Судебные речи - страница 18
Обвинение стоит на той точке зрения, что он отчислил 6–6>1/>2 млрд. руб., и считает ее не поколебленной. Вероятно обвиняемый Зверев будет стоять на иной точке зрения, на какой он стоял и ранее. Но вот одно соображение, которое выдвигалось уже в процессе судебного следствия: как мог обвиняемый Зверев дать шестимиллиардную взятку, когда вся прибыль от мануфактуры исчислялась в 400 млн. рублей? Действительно, как будто бы здесь противоречие неразъяснимое или разъяснимое в положительную для обвиняемого сторону.
Я уже в процессе судебного следствия обратил внимание суда на то обстоятельство, что деловые коммерческие взаимоотношения между Топильским и так называемым «Оптовиком» не исчерпывались одной только мануфактурой. Даже исходя из показаний Чиглинцева, «Оптовик» получил, кроме мануфактуры, еще 1000 штук кос. Конечно, нет никакого сомнения в том, что тот натурфонд, который отпускался секции, попадал в «Оптовик». Таким образом, не исключается предположение, что шесть миллиардов были даны, как неточно выражается обвинительное заключение, — не за счет прибыли за мануфактуру, а из сумм по мануфактуре, и притом за все то содействие, которое постоянно оказывал Топильский «Оптовику». Таким установится понятной эта согласованность с утверждением самого Топильского. Но если бы даже отвергнуть эту мысль, то во всяком случае эти 1800 млн. руб. останутся неоправданными. Зверев не такой наивный делец, чтобы он мог выпустить из своих рук 1800 млн руб., не взяв с Топильского даже расписки. Он знал, с кем имеет дело, и знал, что, выпустив из своих рук деньги, он потом уже, пожалуй, дела не поправит.
Но я особенно подчеркиваю свое первое соображение: Топильский давал «Оптовику» и мануфактуру, и косы, и многое еще другое, что значится по книгам «Оптовика» без указания источника происхождения. Это-то и дает право думать, что эти 1800 млн. руб. были выданы не случайно.
Я обращал ваше внимание на Зверева.

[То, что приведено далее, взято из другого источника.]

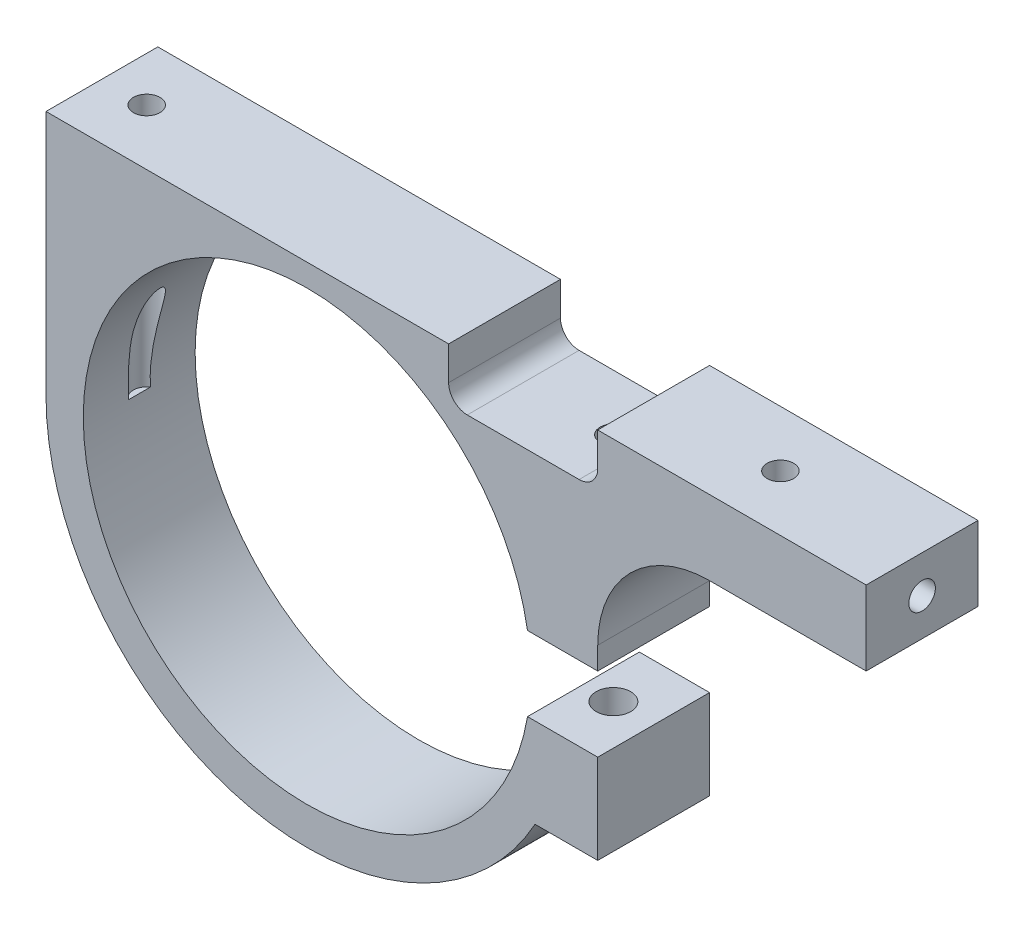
ISO-10303-21;
HEADER;
FILE_DESCRIPTION(('STEP AP214'),'2;1');
FILE_NAME('part.step','',(''),(''),'','','');
FILE_SCHEMA(('AUTOMOTIVE_DESIGN { 1 0 10303 214 1 1 1 1 }'));
ENDSEC;
DATA;
#1=APPLICATION_CONTEXT('core data for automotive mechanical design processes');
#2=APPLICATION_PROTOCOL_DEFINITION('international standard','automotive_design',2000,#1);
#3=PRODUCT_CONTEXT('',#1,'mechanical');
#4=PRODUCT('Part','Part','',(#3));
#5=PRODUCT_RELATED_PRODUCT_CATEGORY('part','',(#4));
#6=PRODUCT_DEFINITION_FORMATION('','',#4);
#7=PRODUCT_DEFINITION_CONTEXT('part definition',#1,'design');
#8=PRODUCT_DEFINITION('design','',#6,#7);
#9=PRODUCT_DEFINITION_SHAPE('','',#8);
#10=(LENGTH_UNIT() NAMED_UNIT(*) SI_UNIT(.MILLI.,.METRE.));
#11=(NAMED_UNIT(*) PLANE_ANGLE_UNIT() SI_UNIT($,.RADIAN.));
#12=(NAMED_UNIT(*) SI_UNIT($,.STERADIAN.) SOLID_ANGLE_UNIT());
#13=UNCERTAINTY_MEASURE_WITH_UNIT(LENGTH_MEASURE(1.E-05),#10,'distance_accuracy_value','');
#14=(GEOMETRIC_REPRESENTATION_CONTEXT(3) GLOBAL_UNCERTAINTY_ASSIGNED_CONTEXT((#13)) GLOBAL_UNIT_ASSIGNED_CONTEXT((#10,
#11,#12)) REPRESENTATION_CONTEXT('',''));
#15=CARTESIAN_POINT('',(0.,0.,0.));
#16=DIRECTION('',(0.,0.,1.));
#17=DIRECTION('',(1.,0.,0.));
#18=AXIS2_PLACEMENT_3D('',#15,#16,#17);
#19=CARTESIAN_POINT('',(0.,0.,4.7625));
#20=DIRECTION('',(0.,0.,-1.));
#21=DIRECTION('',(-1.,0.,0.));
#22=AXIS2_PLACEMENT_3D('',#19,#20,#21);
#23=CYLINDRICAL_SURFACE('',#22,22.225);
#24=CARTESIAN_POINT('',(19.4272643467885,-10.795,2.53719396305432));
#25=CARTESIAN_POINT('',(19.3666154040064,-10.9041738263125,2.49151799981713));
#26=CARTESIAN_POINT('',(19.3056095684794,-11.0117695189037,2.44225961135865));
#27=CARTESIAN_POINT('',(19.1834274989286,-11.2232597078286,2.33532574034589));
#28=CARTESIAN_POINT('',(19.1222515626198,-11.3271376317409,2.27761729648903));
#29=CARTESIAN_POINT('',(18.9998856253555,-11.531234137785,2.15197065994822));
#30=CARTESIAN_POINT('',(18.9387084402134,-11.6313772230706,2.08389550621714));
#31=CARTESIAN_POINT('',(18.8186000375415,-11.8247127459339,1.93708786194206));
#32=CARTESIAN_POINT('',(18.7596650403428,-11.9179171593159,1.85837442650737));
#33=CARTESIAN_POINT('',(18.6436628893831,-12.0986098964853,1.68614331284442));
#34=CARTESIAN_POINT('',(18.5867274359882,-12.185795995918,1.59221317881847));
#35=CARTESIAN_POINT('',(18.4796524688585,-12.3475686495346,1.39099372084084));
#36=CARTESIAN_POINT('',(18.4294935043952,-12.4221914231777,1.2837444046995));
#37=CARTESIAN_POINT('',(18.3384391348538,-12.5562318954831,1.05388028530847));
#38=CARTESIAN_POINT('',(18.2976833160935,-12.6154219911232,0.931071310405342));
#39=CARTESIAN_POINT('',(18.2472778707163,-12.688118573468,0.738143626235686));
#40=CARTESIAN_POINT('',(18.2322641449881,-12.7096692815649,0.672382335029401));
#41=CARTESIAN_POINT('',(18.2062490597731,-12.746906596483,0.53846132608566));
#42=CARTESIAN_POINT('',(18.1952466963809,-12.7625946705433,0.470302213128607));
#43=CARTESIAN_POINT('',(18.1713502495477,-12.7966168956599,0.28257868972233));
#44=CARTESIAN_POINT('',(18.1627671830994,-12.8087672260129,0.161233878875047));
#45=CARTESIAN_POINT('',(18.1597284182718,-12.8130752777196,-0.0818998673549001));
#46=CARTESIAN_POINT('',(18.1652658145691,-12.80524277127,-0.203688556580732));
#47=CARTESIAN_POINT('',(18.187964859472,-12.7729734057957,-0.425555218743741));
#48=CARTESIAN_POINT('',(18.2033183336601,-12.7511177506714,-0.526214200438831));
#49=CARTESIAN_POINT('',(18.2425996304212,-12.6948556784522,-0.722145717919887));
#50=CARTESIAN_POINT('',(18.2665288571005,-12.66044720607,-0.817417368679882));
#51=CARTESIAN_POINT('',(18.3316587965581,-12.5660360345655,-1.03530222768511));
#52=CARTESIAN_POINT('',(18.3759732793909,-12.5012738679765,-1.15491901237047));
#53=CARTESIAN_POINT('',(18.4739194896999,-12.3560772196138,-1.37995133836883));
#54=CARTESIAN_POINT('',(18.5275708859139,-12.2756096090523,-1.48533604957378));
#55=CARTESIAN_POINT('',(18.6688925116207,-12.060126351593,-1.73090110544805));
#56=CARTESIAN_POINT('',(18.7602688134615,-11.9178093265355,-1.86252962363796));
#57=CARTESIAN_POINT('',(18.9015283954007,-11.6914906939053,-2.03952834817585));
#58=CARTESIAN_POINT('',(18.9493942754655,-11.6137756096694,-2.0951933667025));
#59=CARTESIAN_POINT('',(19.0459509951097,-11.4547362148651,-2.20031597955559));
#60=CARTESIAN_POINT('',(19.0946415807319,-11.3734130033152,-2.24977544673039));
#61=CARTESIAN_POINT('',(19.1908646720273,-11.2102651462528,-2.34164875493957));
#62=CARTESIAN_POINT('',(19.2383884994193,-11.1285275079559,-2.38422851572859));
#63=CARTESIAN_POINT('',(19.3330927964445,-10.9631752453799,-2.46430186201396));
#64=CARTESIAN_POINT('',(19.3802735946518,-10.8795750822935,-2.50182484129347));
#65=CARTESIAN_POINT('',(19.4272643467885,-10.795,-2.53719396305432));
#66=B_SPLINE_CURVE_WITH_KNOTS('',3,(#24,#25,#26,#27,#28,#29,#30,#31,#32,#33,#34,#35,#36,#37,#38,
#39,#40,#41,#42,#43,#44,#45,#46,#47,#48,#49,#50,#51,#52,#53,#54,#55,#56,#57,#58,#59,#60,#61,#62,
#63,#64,#65),.UNSPECIFIED.,.F.,.F.,(4,2,2,2,2,2,2,2,2,2,2,2,2,2,2,2,2,2,2,2,4),(0.,
0.399026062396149,0.799652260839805,1.20612328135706,1.61187565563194,2.03142808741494,
2.44974945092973,2.87392987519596,3.08601822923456,3.29805346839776,3.66228868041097,
4.02634580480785,4.33744313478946,4.64859142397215,5.07536822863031,5.50305519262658,
6.14216261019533,6.46274643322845,6.78323326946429,7.09417881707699,7.40323083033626),.UNSPECIFIED.);
#67=CARTESIAN_POINT('',(19.4272643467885,-10.795,2.53719396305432));
#68=VERTEX_POINT('',#67);
#69=CARTESIAN_POINT('',(19.4272643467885,-10.795,-2.53719396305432));
#70=VERTEX_POINT('',#69);
#71=EDGE_CURVE('E190',#68,#70,#66,.T.);
#72=ORIENTED_EDGE('',*,*,#71,.F.);
#73=DIRECTION('',(0.,0.,-1.));
#74=VECTOR('',#73,1.);
#75=CARTESIAN_POINT('',(19.4272643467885,-10.795,4.7625));
#76=LINE('',#75,#74);
#77=CARTESIAN_POINT('',(19.4272643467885,-10.795,4.7625));
#78=VERTEX_POINT('',#77);
#79=EDGE_CURVE('E196',#78,#68,#76,.T.);
#80=ORIENTED_EDGE('',*,*,#79,.F.);
#81=CARTESIAN_POINT('',(0.,0.,4.7625));
#82=DIRECTION('',(0.,0.,1.));
#83=DIRECTION('',(1.,0.,0.));
#84=AXIS2_PLACEMENT_3D('',#81,#82,#83);
#85=CIRCLE('',#84,22.225);
#86=CARTESIAN_POINT('',(-22.225,0.,4.7625));
#87=VERTEX_POINT('',#86);
#88=EDGE_CURVE('E384',#87,#78,#85,.T.);
#89=ORIENTED_EDGE('',*,*,#88,.F.);
#90=DIRECTION('',(0.,0.,-1.));
#91=VECTOR('',#90,1.);
#92=CARTESIAN_POINT('',(-22.225,0.,4.7625));
#93=LINE('',#92,#91);
#94=CARTESIAN_POINT('',(-22.225,0.,-4.7625));
#95=VERTEX_POINT('',#94);
#96=EDGE_CURVE('E206',#87,#95,#93,.T.);
#97=ORIENTED_EDGE('',*,*,#96,.T.);
#98=CARTESIAN_POINT('',(0.,0.,-4.7625));
#99=DIRECTION('',(0.,0.,1.));
#100=DIRECTION('',(1.,0.,0.));
#101=AXIS2_PLACEMENT_3D('',#98,#99,#100);
#102=CIRCLE('',#101,22.225);
#103=CARTESIAN_POINT('',(19.4272643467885,-10.795,-4.7625));
#104=VERTEX_POINT('',#103);
#105=EDGE_CURVE('E420',#95,#104,#102,.T.);
#106=ORIENTED_EDGE('',*,*,#105,.T.);
#107=EDGE_CURVE('E199',#70,#104,#76,.T.);
#108=ORIENTED_EDGE('',*,*,#107,.F.);
#109=EDGE_LOOP('',(#72,#80,#89,#97,#106,#108));
#110=FACE_BOUND('',#109,.T.);
#111=ADVANCED_FACE('F34',(#110),#23,.T.);
#112=CARTESIAN_POINT('',(12.065,20.955,4.7625));
#113=DIRECTION('',(-1.,0.,0.));
#114=DIRECTION('',(0.,-1.,0.));
#115=AXIS2_PLACEMENT_3D('',#112,#113,#114);
#116=PLANE('',#115);
#117=DIRECTION('',(0.,1.,0.));
#118=VECTOR('',#117,1.);
#119=CARTESIAN_POINT('',(12.065,20.955,-4.7625));
#120=LINE('',#119,#118);
#121=CARTESIAN_POINT('',(12.065,18.0975,-4.7625));
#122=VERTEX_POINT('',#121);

По его концессионной работе, по его закупкам, он ценный человек для Топильского. Я должен обратить ваше внимание также еще на одно обстоятельство — обвиняемый Зверев принимал участие в составлении торсуевской запродажной. Поэтому квалифицируя деяние Зверева, с одной стороны, по ст. 114 УК, которая трактует о взяточничестве должностного лица, и, указывая на ст. 189 УК, которая говорит о подделке в корыстных целях официальных и простых бумаг, с другой стороны, я прошу здесь иметь в виду, что ст. 189 УК должна быть применена к Звереву через ст. 16[7]. Я хочу также подчеркнуть ту индивидуальную особенность обвиняемого Зверева, скользящего на грани преступлений среди обломков старого капиталистического строя, как ящерица, скользящая между трещинами ущелья, ту особенность, которая характеризует его как человека весьма враждебно настроенного к Советскому государству, хотя и занимающего в этом процессе второстепенное место.
Я полагал бы необходимым избрать ему наказанием лишение свободы в пределах до пяти лет тюрьмы. Кроме того, к нему должна быть применена ст. 49 УК, говорящая о запрещении жительства в известных районах, социально опасным лицам.
Немного времени я займу характеристикой нескольких второстепенных лиц этого процесса. Раньше всего обращусь к обвиняемому Рунову. Хотя я назвал его второстепенным лицом, но он, однако, занимает здесь достаточно видное место. Преступление Рунова, как на ладони. Я не буду поэтому утомлять внимание суда детальным рассмотрением этого преступления. Человек этот — да простит он мне это невольное сравнение — воплощение того героя «Мертвых душ», который фигурировал под весьма прозаическим именем «кувшинного рыла». Он как будто так с рукой, согнутой лодочкой, и создан; он весь представляет собой ожидание и вопрошение. «Кушать нужно и одному и другому», — говорил он. «И золотом спекульнуть тоже не грех», — думал он про себя, думал — и проговаривался. Когда Рождественский начинает «тормозить», появляется Рунов, «тормоз» отпускает умелой рукой, дело улаживает, и машина продолжает спокойно вертеться. Он занимал достаточно ответственные места, он был инструктором РКИ. Затем он бухгалтер подотдела наблюдения за тотализатором. Тут уже он как будто бы на свое место попал. Во взяточничестве уличает Рунова вся его система внутренних отношений. Бендер его уличает, Сушкин его уличает, а он твердо стоит на своем и говорит: «Нет, не брал».